Il paese delle continue emergenze: ora è il “femminicidio”

Spinto da un ragionamento emotivo su questo tema e pensando alle molte donne del mio nucleo familiare, anch’io sono arrivato ad affermare che è giusto l’ergastolo, e mi sono spinto oltre, sostenendo che è giusta la pena di morte. Ma poi mi sono fermato a riflettere

 

di Luigi Guida

 

Oggi sulle le pagine dei giornali e nei programmi televisivi non si fa altro che parlare del reato di “femminicidio” sotto un profilo emergenziale, chiedendo come soluzione l’ergastolo. Allora mi chiedo: veramente pensano che con l’ergastolo la gente diventi più responsabile su questo tema e quindi diminuiranno questi tipi di reato? O è la solita “furbata” giornalistica che cavalca l’onda emotiva popolare per vendere qualche copia di giornale in più e aumentare gli ascolti televisivi? Io personalmente sono uno di quelli che in carcere ci si trova perché in passato ha fatto una scelta di vita commettendo molti reati, dalla violazione della legge sugli stupefacenti a reati contro il patrimonio, per cui questo tipo di reato l’ho sempre visto lontano da me e dal mio stile di vita passato, a tal punto che qualche mese fa anch’io, spinto da un ragionamento emotivo su questo tema e pensando alle molte donne del mio nucleo familiare, non solo ho affermato che è giusto l’ergastolo ma mi sono spinto oltre, sostenendo che è giusta la pena di morte.

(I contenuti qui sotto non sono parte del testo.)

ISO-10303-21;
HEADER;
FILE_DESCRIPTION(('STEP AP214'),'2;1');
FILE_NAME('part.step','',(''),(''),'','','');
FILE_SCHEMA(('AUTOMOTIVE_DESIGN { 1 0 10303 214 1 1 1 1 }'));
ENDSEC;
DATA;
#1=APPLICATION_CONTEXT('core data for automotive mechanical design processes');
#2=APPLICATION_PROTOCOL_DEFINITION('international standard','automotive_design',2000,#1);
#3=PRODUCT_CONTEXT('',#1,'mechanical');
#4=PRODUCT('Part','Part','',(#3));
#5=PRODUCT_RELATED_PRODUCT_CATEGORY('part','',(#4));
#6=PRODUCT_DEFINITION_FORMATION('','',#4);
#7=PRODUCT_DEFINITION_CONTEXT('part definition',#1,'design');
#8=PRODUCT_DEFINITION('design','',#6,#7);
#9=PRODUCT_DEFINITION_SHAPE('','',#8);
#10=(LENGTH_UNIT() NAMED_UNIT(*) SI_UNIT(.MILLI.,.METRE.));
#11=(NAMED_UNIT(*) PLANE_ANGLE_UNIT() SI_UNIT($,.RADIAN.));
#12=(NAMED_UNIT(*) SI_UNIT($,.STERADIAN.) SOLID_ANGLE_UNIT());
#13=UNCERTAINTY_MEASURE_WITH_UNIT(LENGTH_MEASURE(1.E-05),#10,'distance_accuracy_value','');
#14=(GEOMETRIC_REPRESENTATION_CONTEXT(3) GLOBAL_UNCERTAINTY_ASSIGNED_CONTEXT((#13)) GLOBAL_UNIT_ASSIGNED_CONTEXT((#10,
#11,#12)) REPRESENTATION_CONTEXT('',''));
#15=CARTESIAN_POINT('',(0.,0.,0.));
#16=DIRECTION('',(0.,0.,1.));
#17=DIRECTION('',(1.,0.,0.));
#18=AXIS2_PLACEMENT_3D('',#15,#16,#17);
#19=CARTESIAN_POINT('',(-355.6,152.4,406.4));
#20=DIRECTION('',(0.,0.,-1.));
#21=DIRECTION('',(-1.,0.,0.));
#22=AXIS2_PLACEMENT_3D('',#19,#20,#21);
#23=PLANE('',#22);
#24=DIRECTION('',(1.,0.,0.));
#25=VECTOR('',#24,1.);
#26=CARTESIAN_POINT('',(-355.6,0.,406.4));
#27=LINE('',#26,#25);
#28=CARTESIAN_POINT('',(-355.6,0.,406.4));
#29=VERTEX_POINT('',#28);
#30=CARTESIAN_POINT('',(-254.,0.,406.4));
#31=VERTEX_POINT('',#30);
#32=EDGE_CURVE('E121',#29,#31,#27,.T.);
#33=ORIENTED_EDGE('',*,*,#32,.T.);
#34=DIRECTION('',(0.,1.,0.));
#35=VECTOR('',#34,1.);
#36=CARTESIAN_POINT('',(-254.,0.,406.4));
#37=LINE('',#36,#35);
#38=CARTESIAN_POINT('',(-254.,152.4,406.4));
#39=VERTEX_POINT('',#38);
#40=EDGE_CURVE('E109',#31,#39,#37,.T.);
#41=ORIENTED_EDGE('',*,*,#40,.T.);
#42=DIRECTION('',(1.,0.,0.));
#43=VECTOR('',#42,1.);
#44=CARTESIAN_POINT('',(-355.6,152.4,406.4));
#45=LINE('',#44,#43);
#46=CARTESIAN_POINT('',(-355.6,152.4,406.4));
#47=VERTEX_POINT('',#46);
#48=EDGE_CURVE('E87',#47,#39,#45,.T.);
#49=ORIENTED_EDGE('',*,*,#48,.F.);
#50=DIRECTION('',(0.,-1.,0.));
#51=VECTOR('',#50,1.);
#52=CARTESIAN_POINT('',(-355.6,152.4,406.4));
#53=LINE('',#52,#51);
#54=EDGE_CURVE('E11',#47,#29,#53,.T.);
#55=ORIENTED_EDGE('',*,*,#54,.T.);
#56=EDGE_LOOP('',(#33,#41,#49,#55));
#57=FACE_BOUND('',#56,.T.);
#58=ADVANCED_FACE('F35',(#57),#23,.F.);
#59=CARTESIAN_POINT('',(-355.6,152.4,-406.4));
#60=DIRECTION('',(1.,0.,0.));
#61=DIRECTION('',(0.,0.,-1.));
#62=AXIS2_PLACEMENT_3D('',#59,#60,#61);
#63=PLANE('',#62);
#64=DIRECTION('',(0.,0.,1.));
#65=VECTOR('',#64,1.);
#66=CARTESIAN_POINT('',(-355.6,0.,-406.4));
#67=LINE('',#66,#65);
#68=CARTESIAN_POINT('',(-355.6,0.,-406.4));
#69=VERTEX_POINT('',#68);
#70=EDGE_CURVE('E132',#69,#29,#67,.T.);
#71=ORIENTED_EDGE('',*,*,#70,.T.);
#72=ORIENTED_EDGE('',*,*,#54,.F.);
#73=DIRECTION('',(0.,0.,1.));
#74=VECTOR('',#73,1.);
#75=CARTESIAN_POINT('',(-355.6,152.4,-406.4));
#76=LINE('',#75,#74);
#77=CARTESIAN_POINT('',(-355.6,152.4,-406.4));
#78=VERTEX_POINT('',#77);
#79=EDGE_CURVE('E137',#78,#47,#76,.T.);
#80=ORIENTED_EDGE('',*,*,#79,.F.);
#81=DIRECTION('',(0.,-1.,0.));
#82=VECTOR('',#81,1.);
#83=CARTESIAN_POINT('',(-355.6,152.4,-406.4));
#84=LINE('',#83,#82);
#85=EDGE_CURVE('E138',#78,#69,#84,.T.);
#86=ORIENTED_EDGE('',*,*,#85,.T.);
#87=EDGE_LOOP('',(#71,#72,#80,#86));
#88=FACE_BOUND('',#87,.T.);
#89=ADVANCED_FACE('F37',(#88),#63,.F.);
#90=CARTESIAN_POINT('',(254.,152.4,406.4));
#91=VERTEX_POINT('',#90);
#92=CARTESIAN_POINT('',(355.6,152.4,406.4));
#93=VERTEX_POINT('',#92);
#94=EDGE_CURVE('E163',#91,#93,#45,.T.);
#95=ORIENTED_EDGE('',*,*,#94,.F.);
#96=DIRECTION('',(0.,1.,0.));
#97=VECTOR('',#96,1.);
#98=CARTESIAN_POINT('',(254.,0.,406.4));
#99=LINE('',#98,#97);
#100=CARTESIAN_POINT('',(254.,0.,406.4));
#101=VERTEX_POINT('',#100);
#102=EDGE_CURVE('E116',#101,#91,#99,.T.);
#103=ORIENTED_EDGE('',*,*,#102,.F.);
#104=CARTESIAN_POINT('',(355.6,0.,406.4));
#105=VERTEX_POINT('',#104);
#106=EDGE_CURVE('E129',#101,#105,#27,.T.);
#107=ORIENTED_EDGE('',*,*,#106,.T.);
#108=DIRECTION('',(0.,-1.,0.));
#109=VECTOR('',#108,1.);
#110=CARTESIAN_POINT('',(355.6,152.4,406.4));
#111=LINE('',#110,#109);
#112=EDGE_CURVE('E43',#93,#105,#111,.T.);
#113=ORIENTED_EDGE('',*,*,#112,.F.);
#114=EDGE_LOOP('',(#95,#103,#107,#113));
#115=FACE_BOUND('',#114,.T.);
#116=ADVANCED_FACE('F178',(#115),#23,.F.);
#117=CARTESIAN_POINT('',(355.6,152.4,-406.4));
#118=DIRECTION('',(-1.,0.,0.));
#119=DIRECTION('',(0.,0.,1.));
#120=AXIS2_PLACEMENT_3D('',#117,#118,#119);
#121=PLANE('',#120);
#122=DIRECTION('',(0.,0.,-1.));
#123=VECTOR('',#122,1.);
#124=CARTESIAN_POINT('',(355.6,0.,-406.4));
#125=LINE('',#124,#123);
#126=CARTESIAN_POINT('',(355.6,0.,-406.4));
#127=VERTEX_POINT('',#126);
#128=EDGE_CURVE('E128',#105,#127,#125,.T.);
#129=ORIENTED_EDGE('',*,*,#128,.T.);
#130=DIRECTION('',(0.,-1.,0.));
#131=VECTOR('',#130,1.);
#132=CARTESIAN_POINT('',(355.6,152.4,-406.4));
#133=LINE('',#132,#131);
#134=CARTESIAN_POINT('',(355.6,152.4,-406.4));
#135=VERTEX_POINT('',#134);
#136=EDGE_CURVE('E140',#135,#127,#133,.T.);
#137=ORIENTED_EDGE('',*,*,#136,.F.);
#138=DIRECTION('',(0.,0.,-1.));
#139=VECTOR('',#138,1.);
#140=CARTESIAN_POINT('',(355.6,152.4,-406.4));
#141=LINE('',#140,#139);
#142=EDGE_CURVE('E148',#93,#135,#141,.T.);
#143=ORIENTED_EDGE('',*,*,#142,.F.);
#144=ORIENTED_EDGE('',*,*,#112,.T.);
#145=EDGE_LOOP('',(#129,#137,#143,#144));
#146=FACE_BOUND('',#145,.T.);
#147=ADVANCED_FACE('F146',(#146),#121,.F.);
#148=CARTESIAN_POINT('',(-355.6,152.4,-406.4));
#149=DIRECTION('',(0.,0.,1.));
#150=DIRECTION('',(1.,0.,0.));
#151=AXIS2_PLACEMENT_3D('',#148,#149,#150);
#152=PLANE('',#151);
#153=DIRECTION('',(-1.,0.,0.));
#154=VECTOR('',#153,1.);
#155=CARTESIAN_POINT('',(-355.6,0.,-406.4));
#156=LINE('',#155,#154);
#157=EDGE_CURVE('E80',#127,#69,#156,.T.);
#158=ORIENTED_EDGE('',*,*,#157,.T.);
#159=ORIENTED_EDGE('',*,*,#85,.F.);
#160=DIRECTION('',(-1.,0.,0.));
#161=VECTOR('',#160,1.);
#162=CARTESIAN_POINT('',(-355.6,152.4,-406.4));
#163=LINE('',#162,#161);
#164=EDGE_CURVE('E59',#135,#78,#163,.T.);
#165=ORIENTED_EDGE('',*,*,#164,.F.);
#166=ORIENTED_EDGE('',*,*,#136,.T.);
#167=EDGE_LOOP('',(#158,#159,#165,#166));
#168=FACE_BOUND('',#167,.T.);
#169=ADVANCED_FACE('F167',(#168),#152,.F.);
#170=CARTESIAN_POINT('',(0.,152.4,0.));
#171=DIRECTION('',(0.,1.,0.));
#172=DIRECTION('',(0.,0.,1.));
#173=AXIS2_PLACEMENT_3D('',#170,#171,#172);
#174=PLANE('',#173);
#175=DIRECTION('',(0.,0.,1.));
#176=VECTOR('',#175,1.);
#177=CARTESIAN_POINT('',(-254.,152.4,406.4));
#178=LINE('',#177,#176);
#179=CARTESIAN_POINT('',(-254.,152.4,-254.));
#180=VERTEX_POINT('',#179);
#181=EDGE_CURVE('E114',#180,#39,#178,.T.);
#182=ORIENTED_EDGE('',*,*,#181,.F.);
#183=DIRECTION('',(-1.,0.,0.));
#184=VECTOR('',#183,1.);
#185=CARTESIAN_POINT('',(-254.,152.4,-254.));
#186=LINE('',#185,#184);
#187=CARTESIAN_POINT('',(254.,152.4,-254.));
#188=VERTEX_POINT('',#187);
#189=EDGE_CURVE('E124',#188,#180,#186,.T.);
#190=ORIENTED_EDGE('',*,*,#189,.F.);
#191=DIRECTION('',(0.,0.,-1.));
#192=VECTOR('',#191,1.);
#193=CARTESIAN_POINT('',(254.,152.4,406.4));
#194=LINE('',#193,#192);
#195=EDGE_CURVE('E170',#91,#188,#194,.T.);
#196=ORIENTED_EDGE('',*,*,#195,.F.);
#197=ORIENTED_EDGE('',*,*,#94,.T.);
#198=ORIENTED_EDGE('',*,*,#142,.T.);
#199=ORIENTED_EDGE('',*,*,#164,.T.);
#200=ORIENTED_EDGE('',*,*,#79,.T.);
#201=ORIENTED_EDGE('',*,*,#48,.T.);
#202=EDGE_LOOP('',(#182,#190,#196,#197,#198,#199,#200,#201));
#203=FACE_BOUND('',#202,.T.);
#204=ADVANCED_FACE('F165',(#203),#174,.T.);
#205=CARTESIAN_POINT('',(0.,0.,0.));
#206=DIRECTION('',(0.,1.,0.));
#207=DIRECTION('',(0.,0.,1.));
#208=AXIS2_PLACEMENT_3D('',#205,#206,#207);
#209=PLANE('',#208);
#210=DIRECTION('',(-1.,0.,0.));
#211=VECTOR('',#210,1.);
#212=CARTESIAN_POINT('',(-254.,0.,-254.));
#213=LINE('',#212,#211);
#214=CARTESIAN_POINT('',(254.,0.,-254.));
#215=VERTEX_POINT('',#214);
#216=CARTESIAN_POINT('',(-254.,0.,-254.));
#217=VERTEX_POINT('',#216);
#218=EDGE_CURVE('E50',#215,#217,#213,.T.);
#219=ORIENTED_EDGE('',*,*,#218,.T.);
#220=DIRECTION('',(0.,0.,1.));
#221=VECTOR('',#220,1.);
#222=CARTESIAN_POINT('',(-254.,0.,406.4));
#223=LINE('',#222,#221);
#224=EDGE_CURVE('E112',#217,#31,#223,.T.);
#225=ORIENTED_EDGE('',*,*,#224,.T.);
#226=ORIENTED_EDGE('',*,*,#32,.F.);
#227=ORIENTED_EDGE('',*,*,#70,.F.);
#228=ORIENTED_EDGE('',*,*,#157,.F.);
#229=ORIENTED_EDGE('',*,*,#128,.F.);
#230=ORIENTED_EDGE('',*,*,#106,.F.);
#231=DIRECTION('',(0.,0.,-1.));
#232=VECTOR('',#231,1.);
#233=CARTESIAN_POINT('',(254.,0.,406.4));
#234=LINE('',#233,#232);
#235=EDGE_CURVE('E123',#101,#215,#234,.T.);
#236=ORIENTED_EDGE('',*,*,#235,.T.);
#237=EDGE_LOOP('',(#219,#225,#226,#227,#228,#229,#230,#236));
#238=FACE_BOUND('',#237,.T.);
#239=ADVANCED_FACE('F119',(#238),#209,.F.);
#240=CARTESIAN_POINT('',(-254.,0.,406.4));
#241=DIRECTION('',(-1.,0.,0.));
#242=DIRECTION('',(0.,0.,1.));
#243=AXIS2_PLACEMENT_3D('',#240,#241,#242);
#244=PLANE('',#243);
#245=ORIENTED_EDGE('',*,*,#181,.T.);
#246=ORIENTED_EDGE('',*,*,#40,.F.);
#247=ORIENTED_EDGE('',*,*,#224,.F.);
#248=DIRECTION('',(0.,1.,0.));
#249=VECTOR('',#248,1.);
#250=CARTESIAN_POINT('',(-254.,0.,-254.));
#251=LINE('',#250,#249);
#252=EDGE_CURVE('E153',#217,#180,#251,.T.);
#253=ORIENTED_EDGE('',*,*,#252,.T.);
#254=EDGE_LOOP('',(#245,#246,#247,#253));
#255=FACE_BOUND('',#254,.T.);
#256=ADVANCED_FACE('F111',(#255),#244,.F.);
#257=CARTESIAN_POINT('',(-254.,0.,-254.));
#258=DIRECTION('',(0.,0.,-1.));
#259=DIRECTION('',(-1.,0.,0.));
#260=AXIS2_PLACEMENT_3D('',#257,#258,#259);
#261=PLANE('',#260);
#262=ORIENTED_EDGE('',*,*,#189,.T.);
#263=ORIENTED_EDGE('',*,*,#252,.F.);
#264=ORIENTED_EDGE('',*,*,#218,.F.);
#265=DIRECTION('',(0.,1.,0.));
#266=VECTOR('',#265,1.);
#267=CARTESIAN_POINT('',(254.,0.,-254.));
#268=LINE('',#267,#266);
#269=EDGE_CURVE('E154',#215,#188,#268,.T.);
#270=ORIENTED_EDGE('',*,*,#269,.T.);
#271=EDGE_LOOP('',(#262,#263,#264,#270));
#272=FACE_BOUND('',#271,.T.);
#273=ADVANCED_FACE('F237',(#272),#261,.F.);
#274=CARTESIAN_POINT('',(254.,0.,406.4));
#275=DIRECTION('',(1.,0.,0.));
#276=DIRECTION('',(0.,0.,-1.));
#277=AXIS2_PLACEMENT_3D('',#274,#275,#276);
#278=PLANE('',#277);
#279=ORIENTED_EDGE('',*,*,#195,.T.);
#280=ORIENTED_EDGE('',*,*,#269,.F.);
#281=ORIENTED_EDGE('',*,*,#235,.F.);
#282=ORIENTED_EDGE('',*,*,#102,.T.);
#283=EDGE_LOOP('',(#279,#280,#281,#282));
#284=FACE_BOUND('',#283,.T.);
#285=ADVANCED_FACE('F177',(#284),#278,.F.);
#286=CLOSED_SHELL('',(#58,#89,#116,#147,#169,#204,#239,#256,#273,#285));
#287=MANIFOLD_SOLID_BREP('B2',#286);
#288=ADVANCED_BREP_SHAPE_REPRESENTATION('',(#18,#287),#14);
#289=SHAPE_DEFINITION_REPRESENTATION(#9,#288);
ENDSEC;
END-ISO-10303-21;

Tuttavia era una riflessione fatta sull’onda emotiva del sentimento, senza guardare le storie delle persone, ma soprattutto senza chiedermi se veramente questa fosse la strada giusta per mettere fine a questa mattanza.

Dalla nostra prima discussione su questo argomento all’interno della redazione ad oggi, sono passati oltre tre mesi, non è stato facile convincermi che anche per questo tipo di reato si deve guardare la storia delle persone, sul come ci sono arrivati e non soffermarsi solo sul reato, capire che non sempre esiste il “mostro” ma esistono persone che fanno cose mostruose e non sempre hanno una reale consapevolezza del gesto che hanno compiuto.

È paradossale dirlo, ma questo tipo di reato non è molto frequente tra i cosiddetti detenuti “cattivi” come me, per intenderci quelli che hanno scelto una certa vita, ma è un reato che può verificarsi nei “totalmente buoni”, proprio quelli che non avrebbero mai pensato di finire in carcere: medici, bancari, giornalisti…

Dico questo perché all’interno della nostra redazione ci sono persone che purtroppo si sono trovate coinvolte in questo tipo di reato e quando ascolto Ulderico raccontare ai ragazzi delle scuole la sua storia, il fatto che prima che entrasse in carcere era direttore della filiale di una banca, mi sono accorto quanto veramente sia più complessa la realtà che ti porta a questi reati. Prima di quel giorno, era la persona più mite di questo mondo e non una persona violenta come invece si pensa sempre leggendo gli articoli dei giornali o soffermandosi solo sul tipo di reato. Ecco perché bisogna che noi tutti facciamo una più profonda riflessione su questo tema, soprattutto i giornalisti, dimostrando una maggiore responsabilità, spiegando alle persone la verità, ossia che questo è un problema più complesso di quello che si vuol fare apparire cavalcando l’onda emotiva del momento, e che una Legge varata sull’onda emotiva serve solo a placare l’opinione pubblica, ma si trasforma poi unicamente in una ricerca di vendetta, e nel prendere qualche voto in più per una certa parte di classe politica che si fa portavoce della Legge stessa. Ma questo non responsabilizzerà le persone in merito a questo reato perché, ripeto, non è un reato che in prevalenza fanno gli “assolutamente cattivi”.

La prevenzione si fa in altro modo, chi commette questo tipo di reato, in quei momenti certo non ha modo di pensare che se lo fa gli tocca l’ergastolo, non è così.